Check-in before code review is an antipattern
Posted at 07:00 on 09 July 2015
I’ve never been that satisfied with most explanations that I see on the Internet of why Git is better than Subversion. Usually they wax lyrical about distributed versus centralised workflows or the advantages of branching and merging, but I find that kind of misses something because it takes way too long to get to the point. The question is, what is Git’s biggest advantage, in business terms, over Subversion?
The answer is quite simple. Git supports workflows that Subversion does not, that have significant benefits for your code quality, team collaboration and knowledge sharing.
There are a few such workflows, and the ones that have become popular all have one thing in common. Code gets reviewed before it is merged into the main codebase, rather than waiting till after the fact.

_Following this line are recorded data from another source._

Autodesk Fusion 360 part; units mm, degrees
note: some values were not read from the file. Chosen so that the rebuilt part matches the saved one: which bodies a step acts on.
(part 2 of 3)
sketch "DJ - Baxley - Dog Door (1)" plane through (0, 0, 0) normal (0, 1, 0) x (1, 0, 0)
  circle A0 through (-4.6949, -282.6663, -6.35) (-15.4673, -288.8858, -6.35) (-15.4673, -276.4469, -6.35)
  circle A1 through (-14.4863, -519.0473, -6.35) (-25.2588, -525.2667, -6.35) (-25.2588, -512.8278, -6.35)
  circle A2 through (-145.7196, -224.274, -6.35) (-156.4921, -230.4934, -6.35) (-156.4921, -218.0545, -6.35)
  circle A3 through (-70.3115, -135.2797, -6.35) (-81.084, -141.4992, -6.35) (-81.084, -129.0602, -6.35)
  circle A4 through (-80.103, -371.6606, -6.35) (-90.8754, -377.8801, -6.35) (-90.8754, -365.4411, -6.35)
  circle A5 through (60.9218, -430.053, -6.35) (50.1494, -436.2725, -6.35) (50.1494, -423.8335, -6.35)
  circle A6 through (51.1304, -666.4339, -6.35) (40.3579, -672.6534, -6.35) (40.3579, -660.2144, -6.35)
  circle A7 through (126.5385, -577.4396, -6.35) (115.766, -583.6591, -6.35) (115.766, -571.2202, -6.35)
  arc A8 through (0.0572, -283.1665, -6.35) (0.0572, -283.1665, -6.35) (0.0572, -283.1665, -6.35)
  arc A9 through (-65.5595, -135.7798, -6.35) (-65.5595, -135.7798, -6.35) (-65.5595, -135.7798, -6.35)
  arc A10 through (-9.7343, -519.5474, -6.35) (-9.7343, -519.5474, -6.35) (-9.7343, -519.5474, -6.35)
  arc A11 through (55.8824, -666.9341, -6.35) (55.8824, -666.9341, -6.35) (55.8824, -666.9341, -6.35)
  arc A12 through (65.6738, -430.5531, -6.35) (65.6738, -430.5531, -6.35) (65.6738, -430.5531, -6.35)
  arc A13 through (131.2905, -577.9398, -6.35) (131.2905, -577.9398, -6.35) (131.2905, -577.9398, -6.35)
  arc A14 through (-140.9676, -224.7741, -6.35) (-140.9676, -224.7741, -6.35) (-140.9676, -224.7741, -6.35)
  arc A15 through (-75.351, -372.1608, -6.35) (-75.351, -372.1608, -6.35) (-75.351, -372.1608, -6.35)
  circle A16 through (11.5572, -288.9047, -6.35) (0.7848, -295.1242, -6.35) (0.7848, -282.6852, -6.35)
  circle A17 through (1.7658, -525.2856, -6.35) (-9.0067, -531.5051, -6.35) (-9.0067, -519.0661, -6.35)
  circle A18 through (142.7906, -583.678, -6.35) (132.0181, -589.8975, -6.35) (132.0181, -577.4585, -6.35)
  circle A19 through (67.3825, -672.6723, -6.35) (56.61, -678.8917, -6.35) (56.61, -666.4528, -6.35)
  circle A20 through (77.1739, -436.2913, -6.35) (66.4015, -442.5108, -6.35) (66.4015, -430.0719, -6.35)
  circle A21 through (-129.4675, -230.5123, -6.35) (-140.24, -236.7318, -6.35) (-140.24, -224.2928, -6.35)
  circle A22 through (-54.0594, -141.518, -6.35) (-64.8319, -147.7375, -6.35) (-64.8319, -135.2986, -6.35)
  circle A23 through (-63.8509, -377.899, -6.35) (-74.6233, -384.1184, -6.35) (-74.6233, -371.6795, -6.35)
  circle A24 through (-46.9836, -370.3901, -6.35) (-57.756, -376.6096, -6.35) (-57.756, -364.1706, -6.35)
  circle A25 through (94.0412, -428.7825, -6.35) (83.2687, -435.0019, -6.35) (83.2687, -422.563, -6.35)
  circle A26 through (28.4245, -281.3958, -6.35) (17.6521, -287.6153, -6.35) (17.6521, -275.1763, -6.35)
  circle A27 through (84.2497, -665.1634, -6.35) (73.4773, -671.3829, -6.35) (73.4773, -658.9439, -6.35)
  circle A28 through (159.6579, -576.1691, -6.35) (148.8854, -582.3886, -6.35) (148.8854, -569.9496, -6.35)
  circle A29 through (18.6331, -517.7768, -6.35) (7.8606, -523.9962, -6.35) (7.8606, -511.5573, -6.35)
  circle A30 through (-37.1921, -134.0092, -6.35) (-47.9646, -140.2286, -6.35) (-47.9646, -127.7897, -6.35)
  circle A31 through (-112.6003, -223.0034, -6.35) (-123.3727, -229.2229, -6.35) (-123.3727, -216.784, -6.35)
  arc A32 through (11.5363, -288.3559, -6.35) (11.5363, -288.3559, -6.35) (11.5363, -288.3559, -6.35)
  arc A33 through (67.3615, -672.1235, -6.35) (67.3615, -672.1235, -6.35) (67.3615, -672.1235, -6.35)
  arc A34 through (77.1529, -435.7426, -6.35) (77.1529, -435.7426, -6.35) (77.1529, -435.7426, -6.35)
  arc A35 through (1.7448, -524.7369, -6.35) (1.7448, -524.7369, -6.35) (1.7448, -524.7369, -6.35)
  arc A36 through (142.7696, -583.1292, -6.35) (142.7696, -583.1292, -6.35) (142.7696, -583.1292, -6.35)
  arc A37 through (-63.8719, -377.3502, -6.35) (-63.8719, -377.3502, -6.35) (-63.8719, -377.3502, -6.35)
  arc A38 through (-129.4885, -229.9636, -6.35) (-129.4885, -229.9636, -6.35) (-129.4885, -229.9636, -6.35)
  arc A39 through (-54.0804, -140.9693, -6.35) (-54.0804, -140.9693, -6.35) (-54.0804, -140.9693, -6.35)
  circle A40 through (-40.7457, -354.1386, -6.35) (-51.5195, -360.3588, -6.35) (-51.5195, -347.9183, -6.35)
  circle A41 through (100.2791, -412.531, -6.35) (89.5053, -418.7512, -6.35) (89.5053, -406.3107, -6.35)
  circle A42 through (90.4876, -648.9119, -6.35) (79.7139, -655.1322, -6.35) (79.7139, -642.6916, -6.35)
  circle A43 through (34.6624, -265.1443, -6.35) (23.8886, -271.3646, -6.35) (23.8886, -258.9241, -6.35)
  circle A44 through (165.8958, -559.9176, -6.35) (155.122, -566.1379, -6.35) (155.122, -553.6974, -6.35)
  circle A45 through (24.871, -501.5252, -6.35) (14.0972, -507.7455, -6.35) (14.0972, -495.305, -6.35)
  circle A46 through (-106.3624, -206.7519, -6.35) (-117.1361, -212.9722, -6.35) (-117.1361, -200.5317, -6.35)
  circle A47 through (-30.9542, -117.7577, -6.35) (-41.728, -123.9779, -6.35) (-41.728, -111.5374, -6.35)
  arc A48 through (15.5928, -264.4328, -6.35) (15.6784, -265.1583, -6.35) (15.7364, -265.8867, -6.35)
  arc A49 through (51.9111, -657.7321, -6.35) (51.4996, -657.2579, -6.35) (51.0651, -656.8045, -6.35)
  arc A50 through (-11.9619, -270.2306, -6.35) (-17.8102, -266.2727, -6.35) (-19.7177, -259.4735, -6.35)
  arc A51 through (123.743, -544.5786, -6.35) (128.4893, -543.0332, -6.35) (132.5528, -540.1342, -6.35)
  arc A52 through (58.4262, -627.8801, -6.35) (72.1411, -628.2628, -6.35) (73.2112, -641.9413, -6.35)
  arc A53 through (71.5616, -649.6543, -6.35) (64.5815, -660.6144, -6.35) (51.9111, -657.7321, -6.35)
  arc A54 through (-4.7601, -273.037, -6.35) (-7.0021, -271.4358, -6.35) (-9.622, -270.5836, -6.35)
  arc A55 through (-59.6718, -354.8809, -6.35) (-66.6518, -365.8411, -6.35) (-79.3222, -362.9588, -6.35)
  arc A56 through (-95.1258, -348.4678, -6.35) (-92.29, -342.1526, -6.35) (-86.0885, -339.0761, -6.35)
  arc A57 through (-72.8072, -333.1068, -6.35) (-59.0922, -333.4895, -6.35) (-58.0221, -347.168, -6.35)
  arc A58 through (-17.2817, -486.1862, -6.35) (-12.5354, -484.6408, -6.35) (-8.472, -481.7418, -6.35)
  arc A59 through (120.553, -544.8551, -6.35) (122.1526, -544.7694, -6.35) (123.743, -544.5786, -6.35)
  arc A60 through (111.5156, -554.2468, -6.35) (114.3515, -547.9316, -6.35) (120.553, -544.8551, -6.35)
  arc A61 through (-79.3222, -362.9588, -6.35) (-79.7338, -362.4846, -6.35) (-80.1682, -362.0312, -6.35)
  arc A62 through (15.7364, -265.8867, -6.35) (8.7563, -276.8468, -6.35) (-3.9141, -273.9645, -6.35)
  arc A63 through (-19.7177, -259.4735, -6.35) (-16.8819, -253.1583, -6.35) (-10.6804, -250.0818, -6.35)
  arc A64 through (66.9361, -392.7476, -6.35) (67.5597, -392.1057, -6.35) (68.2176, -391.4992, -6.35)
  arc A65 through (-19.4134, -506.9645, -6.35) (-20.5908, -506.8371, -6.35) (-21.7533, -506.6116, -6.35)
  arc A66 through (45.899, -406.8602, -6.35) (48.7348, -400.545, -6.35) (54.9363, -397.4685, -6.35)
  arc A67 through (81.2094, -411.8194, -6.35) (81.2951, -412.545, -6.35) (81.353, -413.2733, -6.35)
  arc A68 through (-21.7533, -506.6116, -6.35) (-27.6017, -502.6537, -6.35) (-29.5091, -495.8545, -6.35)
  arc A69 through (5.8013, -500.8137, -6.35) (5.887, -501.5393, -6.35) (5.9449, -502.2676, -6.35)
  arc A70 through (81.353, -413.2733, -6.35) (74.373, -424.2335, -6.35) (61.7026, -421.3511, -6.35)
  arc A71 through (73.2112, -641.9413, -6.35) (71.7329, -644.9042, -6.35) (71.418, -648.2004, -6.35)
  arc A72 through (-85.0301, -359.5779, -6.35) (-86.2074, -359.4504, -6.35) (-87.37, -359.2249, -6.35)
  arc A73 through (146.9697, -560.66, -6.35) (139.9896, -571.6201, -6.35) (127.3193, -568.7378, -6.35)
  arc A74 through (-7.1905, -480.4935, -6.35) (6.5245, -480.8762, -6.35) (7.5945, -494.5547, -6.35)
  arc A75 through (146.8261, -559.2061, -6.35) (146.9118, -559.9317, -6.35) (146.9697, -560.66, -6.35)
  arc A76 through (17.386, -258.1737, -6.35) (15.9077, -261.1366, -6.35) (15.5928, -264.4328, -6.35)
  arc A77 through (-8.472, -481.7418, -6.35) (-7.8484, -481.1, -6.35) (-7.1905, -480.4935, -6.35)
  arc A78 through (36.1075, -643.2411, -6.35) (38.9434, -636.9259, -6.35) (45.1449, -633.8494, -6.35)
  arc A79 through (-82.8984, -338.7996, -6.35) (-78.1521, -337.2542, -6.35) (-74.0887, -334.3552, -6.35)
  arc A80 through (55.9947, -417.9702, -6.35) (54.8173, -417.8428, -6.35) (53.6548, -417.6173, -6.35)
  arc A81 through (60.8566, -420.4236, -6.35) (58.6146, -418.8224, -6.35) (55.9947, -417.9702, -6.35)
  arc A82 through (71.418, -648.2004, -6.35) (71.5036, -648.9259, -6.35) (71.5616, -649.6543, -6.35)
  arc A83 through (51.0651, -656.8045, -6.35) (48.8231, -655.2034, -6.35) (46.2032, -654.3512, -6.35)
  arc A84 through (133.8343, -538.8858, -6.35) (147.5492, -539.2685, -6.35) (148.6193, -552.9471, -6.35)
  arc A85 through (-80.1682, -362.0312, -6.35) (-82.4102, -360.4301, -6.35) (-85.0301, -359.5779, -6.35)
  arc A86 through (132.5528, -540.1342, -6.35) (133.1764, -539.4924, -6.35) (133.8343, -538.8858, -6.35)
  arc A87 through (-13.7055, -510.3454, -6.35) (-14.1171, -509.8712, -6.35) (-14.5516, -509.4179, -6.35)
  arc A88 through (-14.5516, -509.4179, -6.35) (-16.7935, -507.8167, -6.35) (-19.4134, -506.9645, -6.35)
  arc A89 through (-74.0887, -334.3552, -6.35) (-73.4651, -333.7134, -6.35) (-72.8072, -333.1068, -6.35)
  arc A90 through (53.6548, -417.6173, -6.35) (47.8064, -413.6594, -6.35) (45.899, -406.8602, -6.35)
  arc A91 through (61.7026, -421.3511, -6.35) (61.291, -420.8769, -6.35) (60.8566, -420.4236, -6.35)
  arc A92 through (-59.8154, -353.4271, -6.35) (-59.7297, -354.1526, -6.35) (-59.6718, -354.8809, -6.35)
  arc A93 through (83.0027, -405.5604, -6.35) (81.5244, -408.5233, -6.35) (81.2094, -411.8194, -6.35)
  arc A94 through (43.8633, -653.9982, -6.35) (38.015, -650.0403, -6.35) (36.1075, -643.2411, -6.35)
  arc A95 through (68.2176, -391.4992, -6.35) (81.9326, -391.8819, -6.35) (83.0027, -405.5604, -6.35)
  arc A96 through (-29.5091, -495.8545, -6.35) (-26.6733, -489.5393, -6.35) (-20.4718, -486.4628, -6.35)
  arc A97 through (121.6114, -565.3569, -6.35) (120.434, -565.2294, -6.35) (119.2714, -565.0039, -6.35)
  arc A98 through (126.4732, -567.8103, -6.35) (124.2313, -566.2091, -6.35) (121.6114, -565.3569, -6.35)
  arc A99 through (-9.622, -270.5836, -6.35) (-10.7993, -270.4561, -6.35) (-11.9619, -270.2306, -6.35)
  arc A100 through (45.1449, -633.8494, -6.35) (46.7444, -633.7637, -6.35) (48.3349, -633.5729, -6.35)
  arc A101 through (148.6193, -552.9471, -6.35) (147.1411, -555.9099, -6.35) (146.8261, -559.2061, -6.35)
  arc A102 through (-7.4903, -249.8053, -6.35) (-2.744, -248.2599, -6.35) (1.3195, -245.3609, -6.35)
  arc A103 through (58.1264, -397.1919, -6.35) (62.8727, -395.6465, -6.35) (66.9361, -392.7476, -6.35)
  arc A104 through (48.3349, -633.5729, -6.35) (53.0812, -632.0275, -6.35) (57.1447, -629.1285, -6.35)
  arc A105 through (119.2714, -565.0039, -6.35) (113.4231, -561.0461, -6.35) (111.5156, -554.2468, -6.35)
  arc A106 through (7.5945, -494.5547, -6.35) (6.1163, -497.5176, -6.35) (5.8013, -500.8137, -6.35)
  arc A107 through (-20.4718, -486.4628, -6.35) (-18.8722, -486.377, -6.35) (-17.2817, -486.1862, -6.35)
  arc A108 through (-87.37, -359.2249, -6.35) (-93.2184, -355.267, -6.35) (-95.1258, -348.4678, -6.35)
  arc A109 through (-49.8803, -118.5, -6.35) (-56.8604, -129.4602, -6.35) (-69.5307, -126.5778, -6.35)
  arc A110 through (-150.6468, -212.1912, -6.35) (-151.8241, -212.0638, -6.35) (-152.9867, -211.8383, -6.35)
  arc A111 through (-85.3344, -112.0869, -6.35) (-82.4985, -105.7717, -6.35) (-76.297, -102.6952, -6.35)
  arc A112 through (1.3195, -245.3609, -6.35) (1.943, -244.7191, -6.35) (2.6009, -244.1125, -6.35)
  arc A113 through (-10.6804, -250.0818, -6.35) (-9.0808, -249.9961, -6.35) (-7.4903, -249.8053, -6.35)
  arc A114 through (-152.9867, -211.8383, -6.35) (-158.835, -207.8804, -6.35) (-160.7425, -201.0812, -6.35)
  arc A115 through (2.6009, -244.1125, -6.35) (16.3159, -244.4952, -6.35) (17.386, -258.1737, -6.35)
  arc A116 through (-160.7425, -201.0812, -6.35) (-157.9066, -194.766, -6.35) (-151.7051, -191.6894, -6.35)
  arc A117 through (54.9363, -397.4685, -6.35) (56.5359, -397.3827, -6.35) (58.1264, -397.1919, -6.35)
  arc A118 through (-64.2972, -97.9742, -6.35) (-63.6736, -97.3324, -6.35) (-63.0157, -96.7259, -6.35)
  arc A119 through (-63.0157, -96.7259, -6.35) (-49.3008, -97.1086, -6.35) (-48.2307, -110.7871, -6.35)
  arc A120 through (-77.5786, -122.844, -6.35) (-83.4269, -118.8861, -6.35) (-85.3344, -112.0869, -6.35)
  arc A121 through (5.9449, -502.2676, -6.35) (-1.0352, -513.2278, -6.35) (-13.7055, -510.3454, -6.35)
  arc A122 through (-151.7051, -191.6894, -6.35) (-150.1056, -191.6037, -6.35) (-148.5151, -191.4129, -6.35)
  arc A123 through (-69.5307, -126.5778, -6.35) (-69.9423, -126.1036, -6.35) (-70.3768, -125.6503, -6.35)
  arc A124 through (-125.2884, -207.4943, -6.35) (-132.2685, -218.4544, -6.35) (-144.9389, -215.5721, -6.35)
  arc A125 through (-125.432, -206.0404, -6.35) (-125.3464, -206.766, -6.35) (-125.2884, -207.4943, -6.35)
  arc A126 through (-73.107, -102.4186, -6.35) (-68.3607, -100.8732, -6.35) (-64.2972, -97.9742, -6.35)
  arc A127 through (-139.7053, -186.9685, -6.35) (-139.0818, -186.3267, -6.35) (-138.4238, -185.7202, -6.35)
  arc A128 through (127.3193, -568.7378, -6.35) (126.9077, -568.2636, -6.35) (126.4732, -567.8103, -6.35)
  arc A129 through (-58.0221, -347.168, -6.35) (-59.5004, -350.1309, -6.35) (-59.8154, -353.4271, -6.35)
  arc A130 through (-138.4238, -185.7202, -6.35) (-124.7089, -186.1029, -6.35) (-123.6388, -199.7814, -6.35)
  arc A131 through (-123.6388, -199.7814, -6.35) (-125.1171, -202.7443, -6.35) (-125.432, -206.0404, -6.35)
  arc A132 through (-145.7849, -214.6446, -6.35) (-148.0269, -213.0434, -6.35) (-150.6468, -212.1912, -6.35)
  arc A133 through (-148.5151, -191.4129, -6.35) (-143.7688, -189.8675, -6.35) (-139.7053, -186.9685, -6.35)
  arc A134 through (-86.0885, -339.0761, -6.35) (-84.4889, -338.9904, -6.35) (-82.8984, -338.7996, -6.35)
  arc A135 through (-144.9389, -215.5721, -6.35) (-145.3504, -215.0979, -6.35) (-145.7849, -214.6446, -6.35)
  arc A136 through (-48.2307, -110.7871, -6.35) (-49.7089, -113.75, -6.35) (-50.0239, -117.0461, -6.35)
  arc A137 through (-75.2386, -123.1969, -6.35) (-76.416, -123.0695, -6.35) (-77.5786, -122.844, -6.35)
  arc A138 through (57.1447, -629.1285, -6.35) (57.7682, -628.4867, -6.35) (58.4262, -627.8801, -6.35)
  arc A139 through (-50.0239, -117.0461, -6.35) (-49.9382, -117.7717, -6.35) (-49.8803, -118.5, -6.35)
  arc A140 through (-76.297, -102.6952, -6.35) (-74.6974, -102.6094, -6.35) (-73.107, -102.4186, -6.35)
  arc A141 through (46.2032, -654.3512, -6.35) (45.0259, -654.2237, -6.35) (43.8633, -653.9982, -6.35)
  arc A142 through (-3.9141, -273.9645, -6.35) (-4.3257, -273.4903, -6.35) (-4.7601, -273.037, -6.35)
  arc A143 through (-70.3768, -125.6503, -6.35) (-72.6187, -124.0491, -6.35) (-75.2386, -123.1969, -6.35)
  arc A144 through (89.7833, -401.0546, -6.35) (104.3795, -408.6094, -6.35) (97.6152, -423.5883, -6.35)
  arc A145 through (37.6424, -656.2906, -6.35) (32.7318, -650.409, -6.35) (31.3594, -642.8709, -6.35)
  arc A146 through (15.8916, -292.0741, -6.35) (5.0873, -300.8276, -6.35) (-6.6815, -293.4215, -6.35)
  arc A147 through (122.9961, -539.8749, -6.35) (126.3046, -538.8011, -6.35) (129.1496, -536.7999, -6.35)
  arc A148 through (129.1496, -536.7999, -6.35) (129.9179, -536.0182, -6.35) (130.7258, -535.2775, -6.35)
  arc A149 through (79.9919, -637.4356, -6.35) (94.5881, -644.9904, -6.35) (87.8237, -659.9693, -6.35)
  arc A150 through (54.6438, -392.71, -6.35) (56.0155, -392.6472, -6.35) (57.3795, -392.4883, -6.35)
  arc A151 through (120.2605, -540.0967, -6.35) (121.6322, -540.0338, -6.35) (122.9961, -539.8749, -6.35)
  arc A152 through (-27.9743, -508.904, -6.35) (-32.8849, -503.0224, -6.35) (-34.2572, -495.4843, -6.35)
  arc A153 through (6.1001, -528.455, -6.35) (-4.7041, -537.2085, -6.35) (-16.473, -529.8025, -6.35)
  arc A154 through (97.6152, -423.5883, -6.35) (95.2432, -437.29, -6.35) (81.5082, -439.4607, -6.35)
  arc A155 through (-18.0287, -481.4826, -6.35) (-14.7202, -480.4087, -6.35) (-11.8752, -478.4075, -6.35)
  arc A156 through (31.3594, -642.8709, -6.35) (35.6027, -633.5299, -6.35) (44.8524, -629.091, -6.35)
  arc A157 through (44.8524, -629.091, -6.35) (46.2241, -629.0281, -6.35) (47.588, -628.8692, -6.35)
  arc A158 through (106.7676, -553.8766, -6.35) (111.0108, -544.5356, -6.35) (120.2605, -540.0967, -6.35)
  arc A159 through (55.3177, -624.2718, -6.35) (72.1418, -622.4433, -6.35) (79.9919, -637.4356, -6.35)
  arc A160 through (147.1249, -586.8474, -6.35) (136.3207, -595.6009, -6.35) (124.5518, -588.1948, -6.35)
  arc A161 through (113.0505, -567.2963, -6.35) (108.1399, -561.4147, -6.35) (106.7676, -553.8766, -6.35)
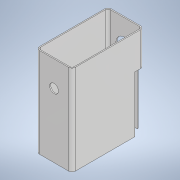
# Autodesk Inventor part: SP21V1 Tubo 40x80x100mm
Saved by Autodesk Inventor 2021.2 (Build 252289000, 289)
## iProperties
Created: 2026-06-02
Part Number: SP21V1 Tubo 40x80x100mm
Material: Aluminum
Document SubType Name: Modeling
Designer: nelso
Density: 2.7 g/cm^3
Appearance: Satin
Author: nelso
Autodesk Inventor part; units mm, degrees
ref_plane "YZ Plane" through (0, 0, 0) normal (1, 0, 0) x (0, 1, 0)
ref_plane "XZ Plane" through (0, 0, 0) normal (0, 1, 0) x (-1, 0, 0)
ref_plane "XY Plane" through (0, 0, 0) normal (0, 0, 1) x (1, 0, 0)
sketch "Sketch1" plane through (0, 0, 0) normal (0, 1, 0) x (-1, 0, 0)
  line L0 (-20, 40) -> (20, 40)
  line L1 (20, 40) -> (20, -40)
  line L2 (20, -40) -> (-20, -40)
  line L3 (-20, -40) -> (-20, 40)
  line L4 (-20, 40) -> (20, -40) construction
  line L5 (20, 40) -> (-20, -40) construction
  line L6 (-18.75, 38.75) -> (18.75, 38.75)
  line L7 (18.75, 38.75) -> (18.75, -38.75)
  line L8 (18.75, -38.75) -> (-18.75, -38.75)
  line L9 (-18.75, -38.75) -> (-18.75, 38.75)
  line L10 (-18.75, 38.75) -> (18.75, -38.75) construction
  line L11 (18.75, 38.75) -> (-18.75, -38.75) construction
  point P0 (0, 0)
  dimension "d0" = 40
  dimension "d1" = 80
  dimension "d2" = 37.5
  dimension "d3" = 77.5
  constraints: 24 end point, 4 midpoint, 4 parallel, 2 horizontal, 2 perpendicular
  measures "d0" distance of L1.end L2.end
  measures "d1" distance of L0.end L1.end
  measures "d2" distance of L7.end L8.end
  measures "d3" distance of L6.end L7.end
extrude "Extrusion1" add sketch "Sketch1" along normal mid plane 100
fillet "Fillet1" radius 3.75 4 edges at (20, 0, 40) (-20, 0, 40) (20, 0, -40) (-20, 0, -40)
fillet "Fillet1" radius 2.5 4 edges at (18.75, 0, 38.75) (-18.75, 0, -38.75) (18.75, 0, -38.75) (-18.75, 0, 38.75)
sketch "Sketch3" plane through (16.25, 50, -40) normal (0, 0, -1) x (-1, 0, 0)
  line L0 (0, 0) -> (32.5, 0) projected
  line L1 (16.25, 0) -> (16.25, -28.5)
  circle A0 centre (16.25, -28.5) radius 4.95
  point P0 (16.25, -50)
  dimension "d12" = 28.5
  dimension "d13" = 9.9
  constraints: 2 end point, 1 centre point, 1 coincident, 1 midpoint, 1 vertical
  measures "d12" distance of L1.start L1.end
  measures "d13" diameter of A0
extrude "Extrusion3" cut sketch "Sketch3" against normal through all
sketch "Sketch4" plane through (16.25, 50, -40) normal (0, 0, -1) x (-1, 0, 0)
  circle A0 centre (16.25, -28.5) radius 4.95 projected
  circle A1 centre (16.25, -28.5) radius 10
  point P0 (16.25, -50)
  dimension "d16" = 20
  constraints: 1 centre point, 1 coincident
  measures "d16" diameter of A1
extrude "Extrusion4" cut sketch "Sketch4" against normal blind 10
sketch "Sketch12" plane through (16.25, 50, -40) normal (0, 0, -1) x (-1, 0, 0)
  circle A0 centre (10.0721, -50.016) radius 3.3 projected
  circle A1 centre (10.0721, -64.016) radius 3.3 projected
  line L0 (2.55, -37.5) -> (2.55, -107.5) projected
  line L1 (2.55, -107.5) -> (-2.734, -107.5) projected
  line L2 (-2.734, -37.5) -> (2.55, -37.5) projected
  line L3 (2.55, -107.5) -> (-7.45, -107.5)
  line L4 (-7.45, -107.5) -> (-7.45, -37.5)
  line L5 (-7.45, -37.5) -> (2.55, -37.5)
  line L6 (2.55, -37.5) -> (2.55, -107.5)
  dimension "d42" = 10
  dimension "d43" = 70
  constraints: 8 end point, 2 parallel, 1 horizontal, 1 perpendicular
  measures "d42" distance of L4.end L5.end
  measures "d43" distance of L3.end L4.end
extrude "Extrusion12" cut sketch "Sketch12" against normal blind 10
body "Solid1"

In actual fact, Git’s flexibility about when you conduct code reviews leaves Subversion dead in the water. Pull requests on a web-based Git server allow you to not only review code before it is merged, but to involve the whole team in the code review and even to carry out code reviews on work that is still in progress if you’re that way inclined. In effect, every task, every user story, every feature becomes a complete conversation.
To be fair, you can adopt this workflow with Subversion, using either task branches or patches, but Subversion makes branching and merging so clunky, user-unfriendly and error-prone that it simply isn’t practical, and besides being similarly clunky, submitting patches blocks further work until your submission has been reviewed. Consequently in practice, on most Subversion-based projects, commit-before-review is the norm, and review-before-merge is only used on the most high-impact, high-risk work. And it shows—trunk-based Subversion-hosted projects almost always have a far, far lower quality than pull request-based Git-hosted projects.
Why the difference? Simple. In the commit-before-review workflow, every check-in becomes a fait accompli.
This can be a recipe for disaster.
If bad code gets checked in, you have to explicitly ask for it to be backed out or modified—and you have to follow through to ensure that this is done. Sometimes it can’t be backed out or modified, because other code has been checked in that depends on it. Contentious design decisions can all too easily be steamrollered in without any discussion—and in the event of a disagreement, backing them out can all too easily be filibustered.
There’s also a strong psychological pressure to let standards slip as well. When you’re checking in code as a fait accompli, it’s all too easy to check in ill-thought-out variable names, poor test coverage, that doesn’t follow the team’s coding standards, with useless commit summaries to boot. It’s also far too easy for your reviewer (singular—you seldom if ever get more than one person reviewing your code in this model) to decide to pick his or her battles and only focus on the more important things.
On the other hand, when the default action is “reject,” as with pull requests, the onus is on you as the author of the code to prove that your changes are fit for purpose. This gives you all the more incentive to get things right—to stick to the team’s agreed coding conventions, to write tests, to separate concerns correctly, and so on. It also means that you pay more attention to making your code readable and your commit summaries informative. After all, your team-mates (plural) are going to have to make this judgment call based on whether they can understand what you’ve done or not.
Another significant benefit of pull requests is that they dramatically improve knowledge sharing among the team. A new developer may submit a pull request that reinvents methods that already exist, or that violates coding standards that they didn’t know existed. Pull requests are an opportunity for education here—you can easily point them in the right direction. On the other hand, with commit-before-review, because it is so easy to overlook things such as these, opportunities to educate your team-mates get lost.
One other thing bears saying here. Even if you do manage to adopt a pull request-like workflow with Subversion, you still face one major limitation: changesets in Subversion are immutable. With Git, if the commit history of a task branch makes it difficult to review, you can always ask the author to revise it—clarifying commit summaries, squashing superfluous changesets, and perhaps (for experienced Git users) even teasing changesets apart. You can do this quite effectively with the git rebase --interactive
command. With Subversion, on the other hand, once it’s in, you’re stuck with it.
Pull requests are not the only advantage that Git has over Subversion. But they are the most important and the most business-critical. A pull request-based workflow with Git will give you a codebase that is much cleaner and much more robust, with fewer nasty surprises and an informative and useful source history. Trunk-based development in Subversion, on the other hand, can leave you with a very bad taste in your mouth. For this reason, sticking with Subversion raises serious questions about the quality and maintainability of your codebase.